Maxwell Street's web site ( www.klezmerband.com ) modestly claims, "...we are not ... nor even authentic" [klezmer], well, I feel this does need qualifying. If we're talking historically authentic, i.e., e.g., a historically accurate re-creation of the style and sound of a 19th Century klezmer ensemble, then fair enough. However, if we're talking klezmer music per se, then Maxwell Street is as authentic as any band. It is precisely because of the work of bands such as themselves that klezmer remains a living tradition rather than turning into a piece of "museum culture". And within a living tradition, a living culture, there not only is always room for all manner of styles, be they historically accurate recreations of the past, or experimental, or anything in between, but there is indeed an absolute need for all such differing styles if the tradition is to remain a living one. Within that definition, any style can be authentic. And, indeed, who is to define what does and what does not constitute authenticity?

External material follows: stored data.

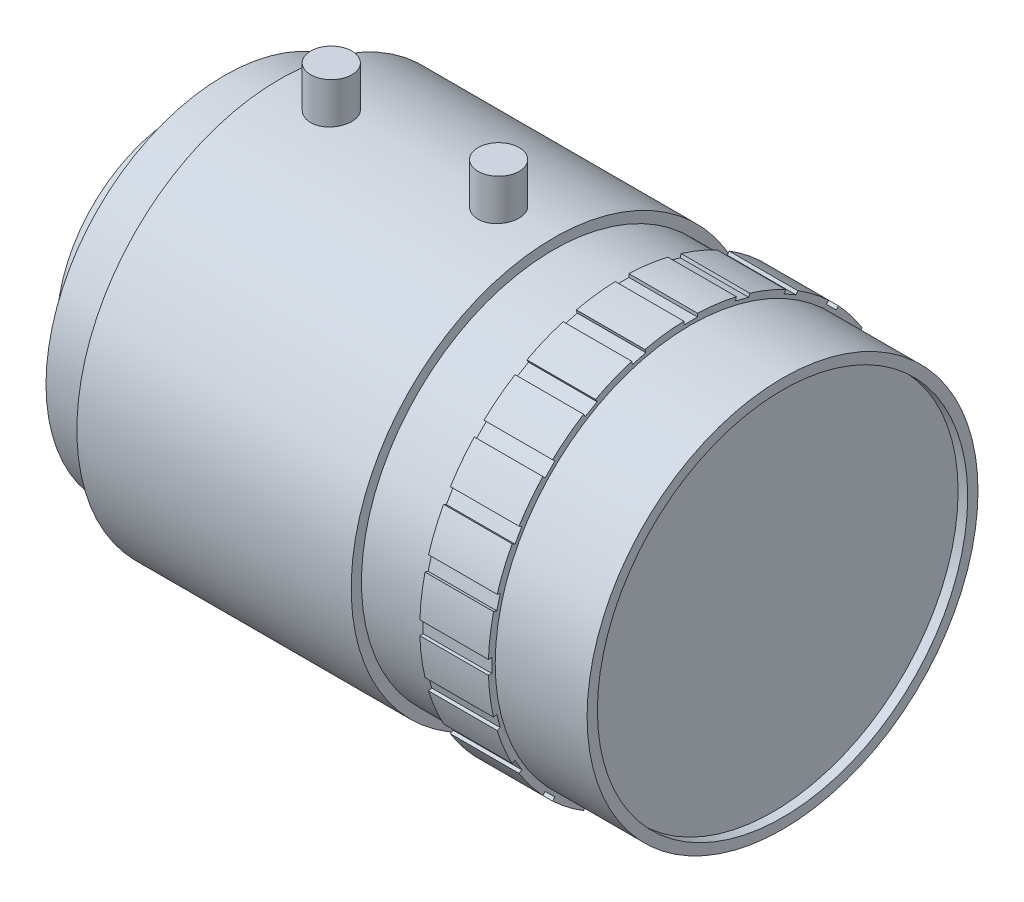
SolidWorks part; units mm, degrees
ref_plane "前视基准面" through (0, 0, 0) normal (0, 0, 1) x (1, 0, 0)
ref_plane "上视基准面" through (0, 0, 0) normal (0, 1, 0) x (1, 0, 0)
ref_plane "右视基准面" through (0, 0, 0) normal (1, 0, 0) x (0, 0, -1)
sketch "草图1" plane through (0, 0, 0) normal (1, 0, 0) x (0, 0, -1)
  circle A0 centre (0, 0) radius 14.75
  dimension "D1" = 29.5
extrude "凸台-拉伸1" add sketch "草图1" along normal blind 20
sketch "草图2" plane through (20, 0, 0) normal (1, 0, 0) x (0, 0, -1)
  circle A0 centre (0, 0) radius 14
  dimension "D1" = 28
extrude "凸台-拉伸2" add sketch "草图2" along normal blind 5
sketch "草图3" plane through (25, 0, 0) normal (1, 0, 0) x (0, 0, -1)
  circle A0 centre (0, 0) radius 14.75
extrude "凸台-拉伸3" add sketch "草图3" along normal blind 5
sketch "草图4" plane through (30, 0, 0) normal (1, 0, 0) x (0, 0, -1)
  circle A0 centre (0, 0) radius 14.25
  circle A1 centre (0, 0) radius 13.5
  dimension "D1" = 28.5
  dimension "D2" = 27
extrude "凸台-拉伸4" add sketch "草图4" along normal blind 6.7
sketch "草图5" plane through (30, 0, 0) normal (1, 0, 0) x (0, 0, -1)
  circle A1 centre (0, 0) radius 13.5
  circle A2 centre (0, 0) radius 13.5
  dimension "D1" = 0
extrude "凸台-拉伸5" add sketch "草图5" along normal blind 6
sketch "草图6" plane through (36, 0, 0) normal (1, 0, 0) x (0, 0, -1)
  line L1 (-0.5, 24.5486) -> (0.5, 24.5486)
  line L2 (-0.5, 24.5486) -> (-0.5, 14.5)
  line L3 (-0.5, 14.5) -> (0.5, 14.5)
  line L4 (0.5, 24.5486) -> (0.5, 14.5)
  line L5 (-0.5, 24.5486) -> (0.5, 14.5) construction
  line L6 (-0.5, 14.5) -> (0.5, 24.5486) construction
  point P0 (0, 19.5243)
  dimension "D1" = 1
  dimension "D2" = 0
  dimension "D3" = 14.5
extrude "切除-拉伸1" cut sketch "草图6" against normal blind 15
pattern_circular "阵列(圆周)1" count 24 every 15 about axis through (0, 0, 0) along (1, 0, 0) of "切除-拉伸1"
sketch "草图7" plane through (0, 0, 0) normal (0, 1, 0) x (1, 0, 0)
  circle A0 centre (3.8, 0) radius 1.5
  circle A1 centre (16, 0) radius 1.5
  dimension "D1" = 3.8
  dimension "D2" = 16
  dimension "D3" = 0
  dimension "D4" = 0
  dimension "D5" = 3
  dimension "D6" = 3
extrude "凸台-拉伸6" add sketch "草图7" along normal blind 17.7
sketch "草图8" plane through (0, 0, 0) normal (-1, 0, 0) x (0, 0, 1)
  circle A0 centre (0, 0) radius 10
  dimension "D1" = 20
extrude "凸台-拉伸7" add sketch "草图8" along normal blind 1
sketch "草图9" plane through (-1, 0, 0) normal (-1, 0, 0) x (0, 0, 1)
  circle A0 centre (0, 0) radius 13
  dimension "D1" = 26
extrude "凸台-拉伸8" add sketch "草图9" along normal blind 3
sketch "草图10" plane through (-4, 0, 0) normal (-1, 0, 0) x (0, 0, 1)
  circle A0 centre (0, 0) radius 8.9
  dimension "D1" = 17.8
extrude "凸台-拉伸9" add sketch "草图10" along normal blind 3.3

If you have not caught up with Old Roots New World yet, I cannot recommend it highly enough - go grab it if you can! It's on the Shanachie label (as is the earlier "You Should Be So Lucky"), so should be universally obtainable, or of course I expect directly from the band. Old Roots New World is just wonderful music, whichever way you want to look at it. It doesn't really matter whether or not you are specifically interested in klezmer/Yiddish music or even Jewish music in general, or classical or whatever. If you just like good music, chances are very high indeed that you'll enjoy this highly contageous music. The liner notes are excellent and informative, and the cover features very attractive (and quite appropriately symbolic) artwork by Arlin Robins.
Treat yourself, and "support your local artist/s" (or even not so local as the case may be).